* _Exercise goal_: Only one portion of the data is to be written out: from the line bearing "#25=VECTOR('',#24,1.);" through the line bearing "#31=VERTEX_POINT('',#30);". Write it exactly as it appears.

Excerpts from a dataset
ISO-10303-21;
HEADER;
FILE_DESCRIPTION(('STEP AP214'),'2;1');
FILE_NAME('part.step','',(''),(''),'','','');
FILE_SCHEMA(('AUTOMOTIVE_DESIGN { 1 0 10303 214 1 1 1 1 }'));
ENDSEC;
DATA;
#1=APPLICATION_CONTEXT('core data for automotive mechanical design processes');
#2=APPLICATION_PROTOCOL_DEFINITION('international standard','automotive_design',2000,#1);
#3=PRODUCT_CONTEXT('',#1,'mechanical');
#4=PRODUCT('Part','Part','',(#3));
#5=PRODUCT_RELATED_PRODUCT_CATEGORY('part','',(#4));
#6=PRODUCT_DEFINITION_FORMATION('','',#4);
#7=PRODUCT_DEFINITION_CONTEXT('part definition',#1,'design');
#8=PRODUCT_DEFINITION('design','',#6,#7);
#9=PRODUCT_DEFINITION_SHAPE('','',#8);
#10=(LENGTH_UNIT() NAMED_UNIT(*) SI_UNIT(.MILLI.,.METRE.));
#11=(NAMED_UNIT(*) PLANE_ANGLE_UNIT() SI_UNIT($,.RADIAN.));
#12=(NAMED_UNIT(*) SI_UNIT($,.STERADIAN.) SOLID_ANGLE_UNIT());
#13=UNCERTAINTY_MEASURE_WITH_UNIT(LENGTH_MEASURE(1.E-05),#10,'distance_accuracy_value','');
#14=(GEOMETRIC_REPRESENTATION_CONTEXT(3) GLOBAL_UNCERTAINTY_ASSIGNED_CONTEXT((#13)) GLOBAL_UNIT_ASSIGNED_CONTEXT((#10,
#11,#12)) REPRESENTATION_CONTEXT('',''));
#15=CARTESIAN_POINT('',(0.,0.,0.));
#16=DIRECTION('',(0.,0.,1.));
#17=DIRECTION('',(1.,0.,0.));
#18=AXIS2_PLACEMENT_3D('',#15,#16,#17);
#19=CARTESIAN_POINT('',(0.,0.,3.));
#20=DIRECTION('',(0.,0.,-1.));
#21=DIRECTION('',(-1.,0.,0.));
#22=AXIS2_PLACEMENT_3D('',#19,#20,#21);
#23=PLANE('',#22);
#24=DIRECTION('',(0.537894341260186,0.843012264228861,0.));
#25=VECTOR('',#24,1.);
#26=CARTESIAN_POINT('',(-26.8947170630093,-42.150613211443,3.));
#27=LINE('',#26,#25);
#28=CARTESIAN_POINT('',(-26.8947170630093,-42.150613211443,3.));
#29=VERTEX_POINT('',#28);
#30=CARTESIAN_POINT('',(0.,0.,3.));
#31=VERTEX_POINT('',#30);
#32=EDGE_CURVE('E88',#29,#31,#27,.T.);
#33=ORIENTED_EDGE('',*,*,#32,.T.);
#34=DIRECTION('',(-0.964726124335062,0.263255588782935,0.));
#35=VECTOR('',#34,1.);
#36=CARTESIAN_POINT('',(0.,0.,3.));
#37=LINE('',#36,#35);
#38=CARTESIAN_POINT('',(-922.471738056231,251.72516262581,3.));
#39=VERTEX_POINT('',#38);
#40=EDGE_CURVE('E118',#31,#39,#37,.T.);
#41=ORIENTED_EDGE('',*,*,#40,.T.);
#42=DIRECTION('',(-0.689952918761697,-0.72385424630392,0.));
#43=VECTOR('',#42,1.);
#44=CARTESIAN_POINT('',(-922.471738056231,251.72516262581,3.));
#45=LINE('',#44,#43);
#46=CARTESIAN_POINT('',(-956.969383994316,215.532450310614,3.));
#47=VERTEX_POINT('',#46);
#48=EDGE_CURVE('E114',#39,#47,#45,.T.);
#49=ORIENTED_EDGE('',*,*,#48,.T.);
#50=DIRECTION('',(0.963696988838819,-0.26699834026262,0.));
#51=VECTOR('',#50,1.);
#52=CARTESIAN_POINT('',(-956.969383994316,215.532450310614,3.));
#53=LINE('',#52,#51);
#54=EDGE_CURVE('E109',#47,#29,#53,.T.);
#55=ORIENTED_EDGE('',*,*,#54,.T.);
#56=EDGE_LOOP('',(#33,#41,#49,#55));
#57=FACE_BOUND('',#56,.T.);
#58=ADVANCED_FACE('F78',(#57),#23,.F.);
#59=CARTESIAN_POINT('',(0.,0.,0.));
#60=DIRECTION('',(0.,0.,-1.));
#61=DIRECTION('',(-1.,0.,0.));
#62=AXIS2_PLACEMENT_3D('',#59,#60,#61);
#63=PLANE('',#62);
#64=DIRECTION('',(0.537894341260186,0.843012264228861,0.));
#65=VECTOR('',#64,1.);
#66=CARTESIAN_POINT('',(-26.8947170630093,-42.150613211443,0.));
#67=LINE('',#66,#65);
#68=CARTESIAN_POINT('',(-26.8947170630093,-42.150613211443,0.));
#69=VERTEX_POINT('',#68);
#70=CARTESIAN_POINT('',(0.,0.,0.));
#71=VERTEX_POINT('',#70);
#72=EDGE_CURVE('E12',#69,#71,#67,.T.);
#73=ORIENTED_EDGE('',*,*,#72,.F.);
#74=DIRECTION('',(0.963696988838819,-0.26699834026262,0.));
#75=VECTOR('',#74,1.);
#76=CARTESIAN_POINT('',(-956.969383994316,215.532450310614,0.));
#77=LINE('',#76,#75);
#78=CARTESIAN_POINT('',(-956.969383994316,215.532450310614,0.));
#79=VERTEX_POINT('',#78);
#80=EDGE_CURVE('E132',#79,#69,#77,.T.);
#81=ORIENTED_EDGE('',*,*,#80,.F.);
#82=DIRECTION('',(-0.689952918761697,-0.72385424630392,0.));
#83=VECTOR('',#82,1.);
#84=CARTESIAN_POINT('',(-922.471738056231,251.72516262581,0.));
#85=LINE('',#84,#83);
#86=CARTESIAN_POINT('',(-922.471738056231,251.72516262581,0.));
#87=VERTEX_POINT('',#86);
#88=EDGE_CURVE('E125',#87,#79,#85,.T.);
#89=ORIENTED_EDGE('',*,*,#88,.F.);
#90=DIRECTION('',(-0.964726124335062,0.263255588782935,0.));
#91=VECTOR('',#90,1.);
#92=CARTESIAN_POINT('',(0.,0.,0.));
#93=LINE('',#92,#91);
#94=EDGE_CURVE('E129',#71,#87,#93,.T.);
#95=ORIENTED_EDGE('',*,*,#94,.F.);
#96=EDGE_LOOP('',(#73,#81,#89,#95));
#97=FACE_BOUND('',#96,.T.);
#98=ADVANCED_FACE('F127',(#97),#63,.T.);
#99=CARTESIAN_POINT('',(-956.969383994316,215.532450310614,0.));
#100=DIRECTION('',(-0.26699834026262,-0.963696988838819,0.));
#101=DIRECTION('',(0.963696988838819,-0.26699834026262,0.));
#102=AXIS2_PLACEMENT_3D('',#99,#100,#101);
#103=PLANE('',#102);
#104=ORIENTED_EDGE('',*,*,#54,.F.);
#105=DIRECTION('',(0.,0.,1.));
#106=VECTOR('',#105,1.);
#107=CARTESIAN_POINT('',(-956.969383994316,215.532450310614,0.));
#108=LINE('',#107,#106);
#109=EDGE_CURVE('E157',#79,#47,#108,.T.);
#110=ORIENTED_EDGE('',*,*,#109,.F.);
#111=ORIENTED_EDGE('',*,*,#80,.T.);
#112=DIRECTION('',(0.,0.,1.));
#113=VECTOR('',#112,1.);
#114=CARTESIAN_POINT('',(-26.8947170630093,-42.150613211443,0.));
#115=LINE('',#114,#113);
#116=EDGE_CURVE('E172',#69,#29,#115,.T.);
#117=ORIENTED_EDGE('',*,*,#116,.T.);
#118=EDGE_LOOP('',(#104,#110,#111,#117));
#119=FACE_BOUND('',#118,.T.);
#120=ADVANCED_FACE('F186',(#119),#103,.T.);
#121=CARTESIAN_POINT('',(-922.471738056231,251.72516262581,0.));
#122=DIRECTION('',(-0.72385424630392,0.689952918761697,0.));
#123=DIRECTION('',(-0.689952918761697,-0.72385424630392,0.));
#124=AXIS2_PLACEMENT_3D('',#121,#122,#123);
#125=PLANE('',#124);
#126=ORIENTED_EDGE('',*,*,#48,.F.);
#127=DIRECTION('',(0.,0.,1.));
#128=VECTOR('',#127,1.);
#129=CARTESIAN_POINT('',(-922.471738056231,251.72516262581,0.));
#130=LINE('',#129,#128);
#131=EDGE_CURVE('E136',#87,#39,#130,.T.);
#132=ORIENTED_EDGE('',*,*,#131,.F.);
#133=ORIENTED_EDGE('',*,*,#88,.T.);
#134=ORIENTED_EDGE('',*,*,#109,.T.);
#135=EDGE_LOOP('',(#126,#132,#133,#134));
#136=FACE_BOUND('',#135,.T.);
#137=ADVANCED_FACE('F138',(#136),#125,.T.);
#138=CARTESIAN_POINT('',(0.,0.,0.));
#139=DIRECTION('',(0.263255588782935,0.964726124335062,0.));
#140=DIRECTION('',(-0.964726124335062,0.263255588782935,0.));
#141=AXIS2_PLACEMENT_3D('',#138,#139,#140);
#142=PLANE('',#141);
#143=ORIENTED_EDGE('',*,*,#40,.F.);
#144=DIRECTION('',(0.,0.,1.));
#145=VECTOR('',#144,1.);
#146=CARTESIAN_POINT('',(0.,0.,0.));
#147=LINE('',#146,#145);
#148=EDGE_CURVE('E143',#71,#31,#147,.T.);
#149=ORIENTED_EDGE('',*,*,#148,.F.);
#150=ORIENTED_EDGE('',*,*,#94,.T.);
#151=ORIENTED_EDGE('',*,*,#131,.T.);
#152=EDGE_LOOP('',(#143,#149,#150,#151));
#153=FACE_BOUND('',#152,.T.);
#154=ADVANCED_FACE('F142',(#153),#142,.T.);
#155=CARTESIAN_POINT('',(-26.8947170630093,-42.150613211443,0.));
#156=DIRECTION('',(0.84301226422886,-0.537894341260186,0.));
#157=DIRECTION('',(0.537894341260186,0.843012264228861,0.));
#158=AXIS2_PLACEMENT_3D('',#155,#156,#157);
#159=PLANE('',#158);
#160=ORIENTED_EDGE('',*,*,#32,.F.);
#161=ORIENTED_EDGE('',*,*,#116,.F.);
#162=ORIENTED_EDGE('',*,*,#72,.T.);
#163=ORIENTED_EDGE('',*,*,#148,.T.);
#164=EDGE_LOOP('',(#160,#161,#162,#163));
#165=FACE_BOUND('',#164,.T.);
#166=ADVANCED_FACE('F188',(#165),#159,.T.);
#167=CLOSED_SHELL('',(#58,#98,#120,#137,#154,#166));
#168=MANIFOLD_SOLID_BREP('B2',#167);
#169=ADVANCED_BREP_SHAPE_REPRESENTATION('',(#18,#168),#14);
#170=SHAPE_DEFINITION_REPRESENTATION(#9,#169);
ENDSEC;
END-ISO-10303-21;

* _Written reply_:
#25=VECTOR('',#24,1.);
#26=CARTESIAN_POINT('',(-26.8947170630093,-42.150613211443,3.));
#27=LINE('',#26,#25);
#28=CARTESIAN_POINT('',(-26.8947170630093,-42.150613211443,3.));
#29=VERTEX_POINT('',#28);
#30=CARTESIAN_POINT('',(0.,0.,3.));
#31=VERTEX_POINT('',#30);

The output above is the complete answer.